After several publications of vocal music, Falconieri’s first and only collection of instrumental music appeared in 1650, though many of the 58 pieces were no doubt written years, and in some cases decades, before. While the works contained in the collection are almost all relatively brief, the title is not: Il primo libro di canzone, Brandi, Correnti, Gagliarde, Alemane, Volte per Violini e Viole overo alto stromento a uno, due, e tre con il Basso continuo. While the pieces are arranged by type, as Willi Apel has pointed out, it is in fact somewhat difficult to distinguish among the correnti, canzone, and capricci; they are all brief sectional pieces with repeats – ideal for filling the gap during a scene change and creating the time for puppets to get on and off stage. Most of the pieces are unlike the emerging Italian sonata, which was characterized by structural meter and affect changes which eventually grew into the multi-movement sonata form.

One compositional technique found throughout Falconieri’s collection is the preference for so-called “feminine” endings, i.e. cadences that finish on a weak beat rather than the downbeat. I hasten to add that I noticed this conspicuous trait only after deciding to use Falconieri’s branles and canzone as incidental music in the earliest opera by a woman, but perhaps it is not entirely inappropriate!

  1. Jeff D
    September 24th, 2009 at 07:54 | #1

    Love the painting! The most common activity of a lutenist 😉 That string he is tuning is obviously falling into the cracks, hence the expression. Luckily he has that cup of Starbucks next to him… (What is that thing, anyway?)

  2. September 24th, 2009 at 08:15 | #2

    I believe it’s a tankard of ale, but I like the thought that it’s a Grande Soy Chai Latte.
    See the uncropped image here: http://bit.ly/15dy0R

  3. October 1st, 2009 at 00:57 | #3

    Speaking of coincidences: I find this e-mail here at my desk in Florence and think of the many times I’ve seen you in the Berkeley library hunting up this and that. Sorry I wasn’t there to send you to Falconieri, but glad you found him on your own.

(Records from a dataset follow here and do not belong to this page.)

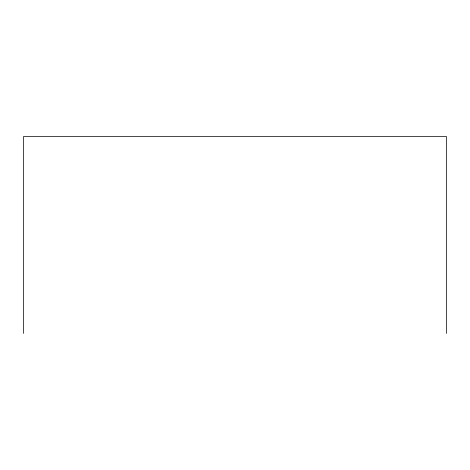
<?xml version="1.0" encoding="UTF-8"?>
<svg xmlns="http://www.w3.org/2000/svg" width="470" height="470" viewBox="0 0 470 470"><rect width="100%" height="100%" fill="white"/><g stroke="black" fill="none" stroke-linecap="round" stroke-linejoin="round"><path stroke-width="0.7" d="M446.5 333.441L446.5 136.559L23.5 136.559L23.5 333.441"/></g></svg>
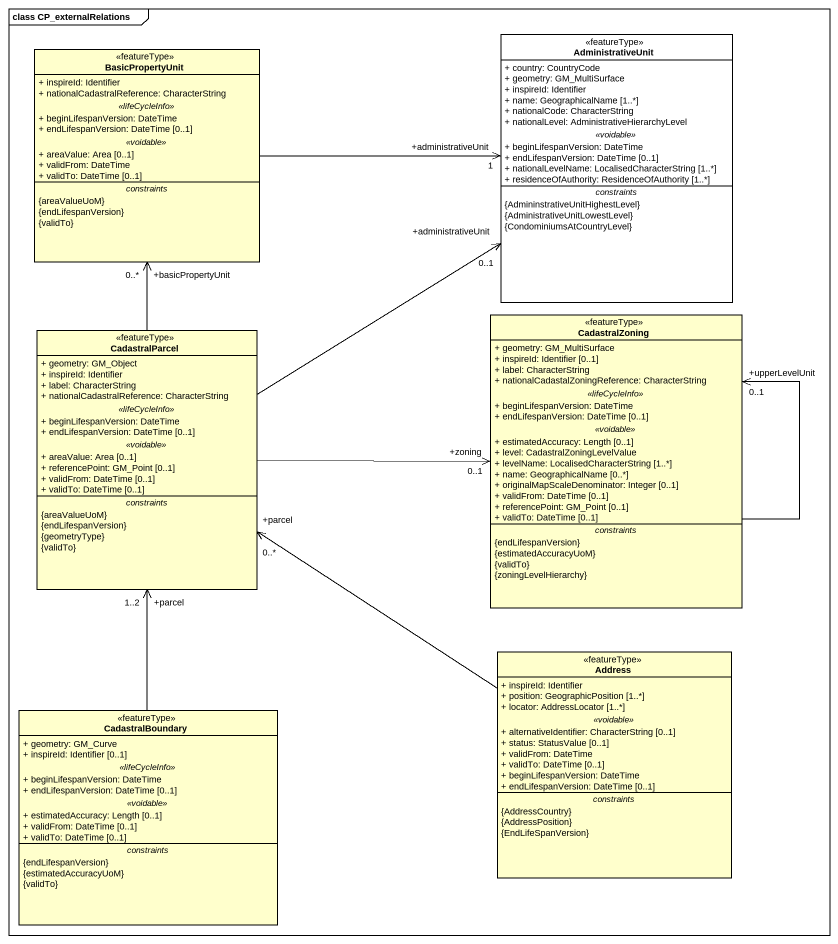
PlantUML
@startuml
mainframe class CP_externalRelations
hide circle
hide empty members
skinparam classAttributeIconSize 0
class BasicPropertyUnit <<featureType>> {
  + inspireId: Identifier
  + nationalCadastralReference: CharacterString
  .. <<lifeCycleInfo>> ..
  + beginLifespanVersion: DateTime
  + endLifespanVersion: DateTime [0..1]
  .. <<voidable>> ..
  + areaValue: Area [0..1]
  + validFrom: DateTime
  + validTo: DateTime [0..1]
  -- constraints --
  {areaValueUoM}
  {endLifespanVersion}
  {validTo}
}
class AdministrativeUnit <<featureType>> #FFFFFF {
  + country: CountryCode
  + geometry: GM_MultiSurface
  + inspireId: Identifier
  + name: GeographicalName [1..*]
  + nationalCode: CharacterString
  + nationalLevel: AdministrativeHierarchyLevel
  .. <<voidable>> ..
  + beginLifespanVersion: DateTime
  + endLifespanVersion: DateTime [0..1]
  + nationalLevelName: LocalisedCharacterString [1..*]
  + residenceOfAuthority: ResidenceOfAuthority [1..*]
  -- constraints --
  {AdmininstrativeUnitHighestLevel}
  {AdministrativeUnitLowestLevel}
  {CondominiumsAtCountryLevel}
}
class CadastralZoning <<featureType>> {
  + geometry: GM_MultiSurface
  + inspireId: Identifier [0..1]
  + label: CharacterString
  + nationalCadastalZoningReference: CharacterString
  .. <<lifeCycleInfo>> ..
  + beginLifespanVersion: DateTime
  + endLifespanVersion: DateTime [0..1]
  .. <<voidable>> ..
  + estimatedAccuracy: Length [0..1]
  + level: CadastralZoningLevelValue
  + levelName: LocalisedCharacterString [1..*]
  + name: GeographicalName [0..*]
  + originalMapScaleDenominator: Integer [0..1]
  + validFrom: DateTime [0..1]
  + referencePoint: GM_Point [0..1]
  + validTo: DateTime [0..1]
  -- constraints --
  {endLifespanVersion}
  {estimatedAccuracyUoM}
  {validTo}
  {zoningLevelHierarchy}
}
class CadastralParcel <<featureType>> {
  + geometry: GM_Object
  + inspireId: Identifier
  + label: CharacterString
  + nationalCadastralReference: CharacterString
  .. <<lifeCycleInfo>> ..
  + beginLifespanVersion: DateTime
  + endLifespanVersion: DateTime [0..1]
  .. <<voidable>> ..
  + areaValue: Area [0..1]
  + referencePoint: GM_Point [0..1]
  + validFrom: DateTime [0..1]
  + validTo: DateTime [0..1]
  -- constraints --
  {areaValueUoM}
  {endLifespanVersion}
  {geometryType}
  {validTo}
}
class Address <<featureType>> {
  + inspireId: Identifier
  + position: GeographicPosition [1..*]
  + locator: AddressLocator [1..*]
  .. <<voidable>> ..
  + alternativeIdentifier: CharacterString [0..1]
  + status: StatusValue [0..1]
  + validFrom: DateTime
  + validTo: DateTime [0..1]
  + beginLifespanVersion: DateTime
  + endLifespanVersion: DateTime [0..1]
  -- constraints --
  {AddressCountry}
  {AddressPosition}
  {EndLifeSpanVersion}
}
class CadastralBoundary <<featureType>> {
  + geometry: GM_Curve
  + inspireId: Identifier [0..1]
  .. <<lifeCycleInfo>> ..
  + beginLifespanVersion: DateTime
  + endLifespanVersion: DateTime [0..1]
  .. <<voidable>> ..
  + estimatedAccuracy: Length [0..1]
  + validFrom: DateTime [0..1]
  + validTo: DateTime [0..1]
  -- constraints --
  {endLifespanVersion}
  {estimatedAccuracyUoM}
  {validTo}
}
BasicPropertyUnit -right-> "+administrativeUnit\n1" AdministrativeUnit
CadastralZoning --> "+upperLevelUnit\n0..1" CadastralZoning
CadastralParcel -up-> "+basicPropertyUnit\n0..*" BasicPropertyUnit
CadastralParcel -up-> "+administrativeUnit\n0..1" AdministrativeUnit
CadastralParcel -right-> "+zoning\n0..1" CadastralZoning
Address -up-> "+parcel\n0..*" CadastralParcel
CadastralBoundary -up-> "+parcel\n1..2" CadastralParcel
@enduml

I started inserting his pieces into Venetian operas back in the sixties, continuing with Landi’s Roman opera Il Sant’Alessio (in Hertz Hall with Judy Nelson as the Saint, then in Rome Teatro Valle where Alberto Moravia was spotted in the cue for tickets, then Innsbruck where Alessio is the patron saint) and was still doing it when we did the modern premiere of Sacrati’s Finta Pazza in a specially constructed Baroque theatre in Campo Pisani in Venice. I love getting these e-mails and knowing that obscure Baroque is alive and well in Berkeley! By the way, I did the Francesca Caccini in the Teatro Metastasio of Prato at the time I settled in Florence at the end of the past century. Andrew Porter came all the way from London to review it simply because it was written by a woman. Hope critics (if there are any left!) will do the same for you.

  4. October 1st, 2009 at 05:28 | #4

    Obscurity is indeed alive and well in Berkeley! And Falconieri probably doesn’t even make the top 5 with competition from Giuseppe Pacieri, Lucia Quinciani, Johann Staden, Giovanni Battista Fasolo, and Arnold Grothusius.

    I remember finding my way to your office in Morrison to do an interview with you for the SFEMS newsletter back when Magnificat had just been born, before we were presenting our own concerts. Magnificat was serving as the pit orchestra for your production of Ulisse and you observed that so many of those notes that adorned typical productions of Monteverdi’s operas were by Raymond Leppard. But it wasn’t the insertion of extraneous music that was a problem – it was the particular music that was inserted!

    It was a memorable production – in fact just the other day I was recalling it with another one of the musicians who had played. Working with you on Ulisse was in many ways the primary catalyst for launching Magnificat’s first season in 1992 and the rest, as they say, is history. Thank you!